消息传到仁寿宫,太后正因九公主一事而满心欢喜,一听这话,脸上的笑容瞬间凝固,转为滔天怒火。
“放肆!简直是反了天了!”太后猛地拍案而起,气得浑身发抖,“一个罪女,竟敢将天子关在门外!哀家倒要看看,是谁给了她这么大的胆子!”
“摆驾澹台殿!哀家今日若不处置了她,这宫里便再无规矩可言!”
当太后带着大批人马怒气冲冲地赶到澹台殿时,却见殿内灯火通明,而那个她恨之入骨的女人——崔同玉,正悠闲地坐在主位上品茶。
“陈轻央!你给哀家滚出来!”太后厉声喝道。
陈轻央从内殿缓缓走出,神色平静,仿佛没看到太后眼中的杀意。
“太后娘娘好大的火气。
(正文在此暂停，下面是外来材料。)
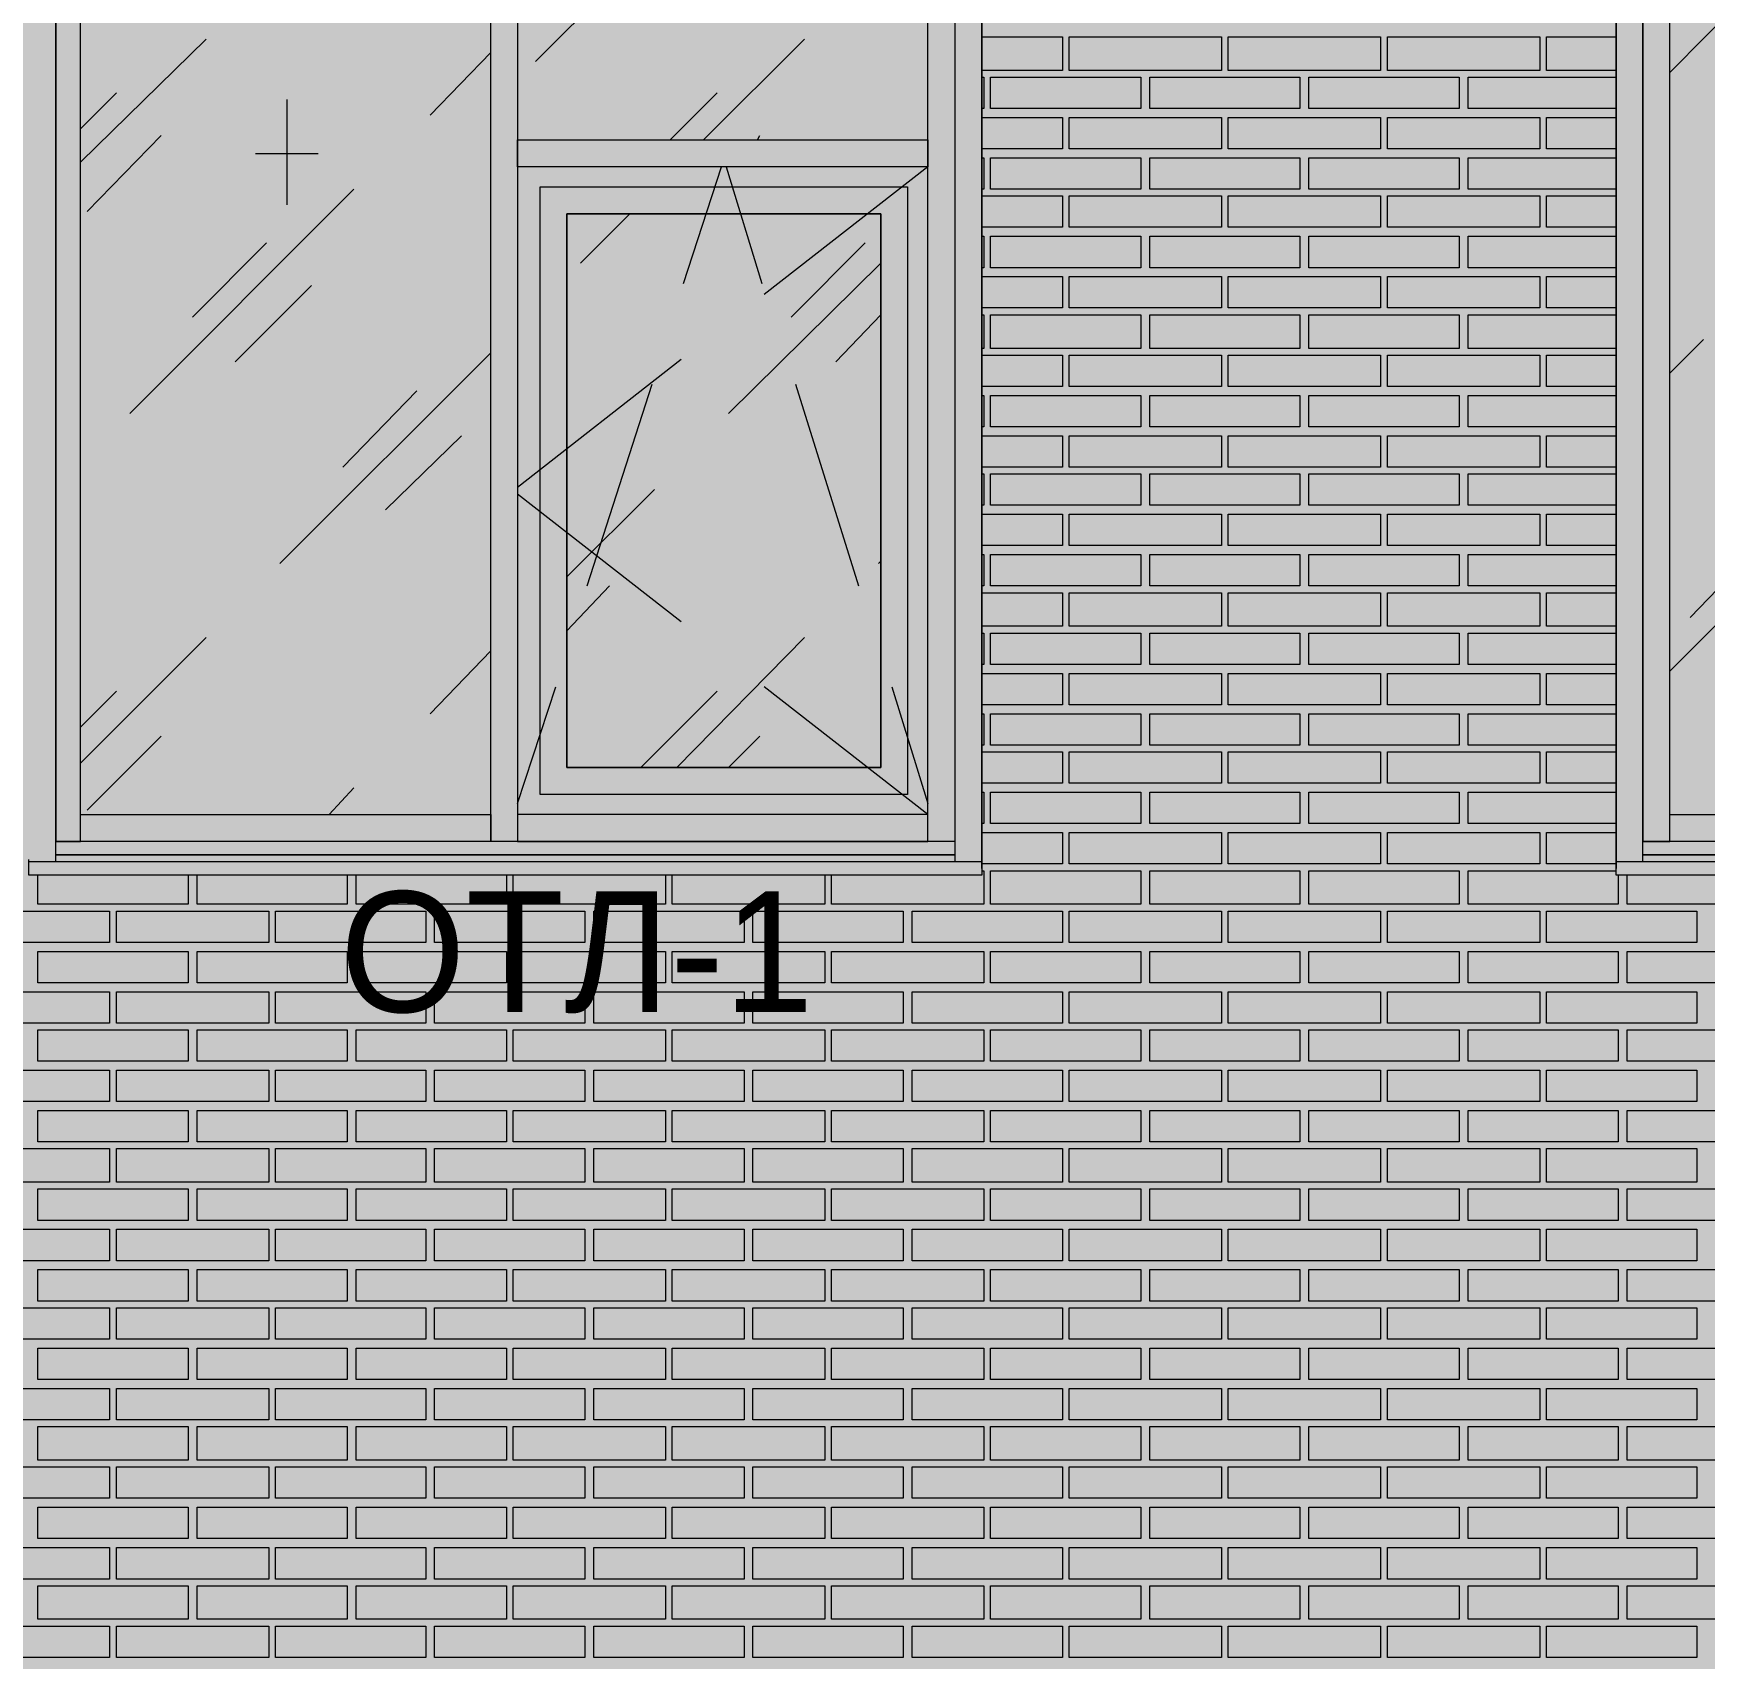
# Model space of a CAD drawing. Header units: millimetres. Extents: x -28928 to 100580, y -22867 to 36490.
# Drawn here: x 7816 to 10970, y 19599 to 22666 of the extents above; entities that cross this region are included whole.
import ezdxf

# ---------------------------------------------------------------- set-up
doc = ezdxf.new("R2010")
doc.units = ezdxf.units.MM
doc.layers.add('PDF _Геометрия', color=7, linetype='Continuous', true_color=0x8f8e8d)
doc.layers.add('PDF _Сплошная заливка', color=7, linetype='Continuous', true_color=0xffffff)
doc.layers.add('PDF _Текст', color=7, linetype='Continuous')

msp = doc.modelspace()

# ---------------------------------------------------------------- hatches: boundary and pattern name
at = {"layer": 'PDF _Сплошная заливка', "true_color": 0xdcd6cf, "transparency": 33554559}
msp.add_hatch(color=254, dxfattribs=at).paths.add_polyline_path([(-18676.6, 16343.4), (-18676.6, 19592.6), (-17276.3, 19592.6), (-17276.3, 16343.4), (19112.6, 16343.4), (19112.6, 30089.1), (-21853.9, 30089.1), (-21853.9, 16343.4), (-21375.9, 16343.4), (-21375.9, 19592.6), (-19277.4, 19592.6), (-19277.4, 16343.4)])

# ---------------------------------------------------------------- linework, layer by layer
at = {"layer": 'PDF _Геометрия', "color": 7, "lineweight": 9}
for points in [[(7858.7, 21103), (7858.7, 21166.4), (7858.7, 22439.9), (7858.7, 21141), (7905.3, 21141), (7905.3, 22439.9), (7905.3, 23688), (7858.7, 23688), (7858.7, 22439.9), (7858.7, 23713.4), (7858.7, 23789.5), (7808, 23789.5)], [(7808, 23789.5), (9606.1, 23789.5), (9606.1, 21090.3), (9606.1, 21166.4), (9606.1, 22439.9), (9606.1, 23713.4), (9606.1, 23789.5), (9555.3, 23789.5), (9555.3, 23713.4), (9555.3, 22439.9), (9555.3, 21166.4), (9555.3, 21103)], [(10854.1, 21103), (10854.1, 21166.4), (10854.1, 22439.9), (10854.1, 21141), (10904.9, 21141), (10904.9, 22439.9), (10904.9, 23688), (10854.1, 23688), (10854.1, 22439.9), (10854.1, 23713.4), (10854.1, 23789.5), (10803.4, 23789.5), (10803.4, 23713.4), (10803.4, 22439.9), (10803.4, 21166.4), (10803.4, 21090.3), (10803.4, 23789.5), (12605.7, 23789.5)], [(9504.5, 21191.8), (8730.3, 21191.8), (8730.3, 21141), (9504.5, 21141), (9504.5, 22439.9), (9504.5, 23713.4), (9504.5, 23738.7), (9555.3, 23738.7), (9555.3, 23713.4), (9555.3, 22439.9), (9555.3, 21141), (9504.5, 21141), (9504.5, 21191.8), (9195.7, 21433)], [(10904.9, 22592.2), (11247.6, 22939.1)], [(8764.1, 22613.4), (8903.7, 22753)], [(7905.3, 22423), (8142.2, 22655.7)], [(9081.4, 22465.3), (9271.8, 22655.7)], [(8565.3, 22511.8), (8679.5, 22630.3)], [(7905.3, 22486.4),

”崔同玉放下茶盏,慢悠悠地开口,视线却落在陈轻央身上,带着一丝审视的趣味,没想到今夜有好戏登台。
太后懒得与她废话,直指陈轻央,“来人!将这个藐视天子、大逆不道的罪女给哀家拖出去,杖毙!”
太后今日听进了陈芳茹的话,陈轻央这些年藏的这样深,留着便是祸害,如今送上门的机会她不可能放过!
侍卫们闻声上前,气氛瞬间剑拔弩张。
崔同玉却依旧稳坐不动,唇角甚至噙着一抹若有似无的笑意,她就是要看看,陈轻央要如何应对。她要磨掉她所有的棱角和依靠,让她只能依附自己。
陈轻央的目光从崔同玉脸上扫过,随即转向盛怒的太后,语气平淡却极具挑衅。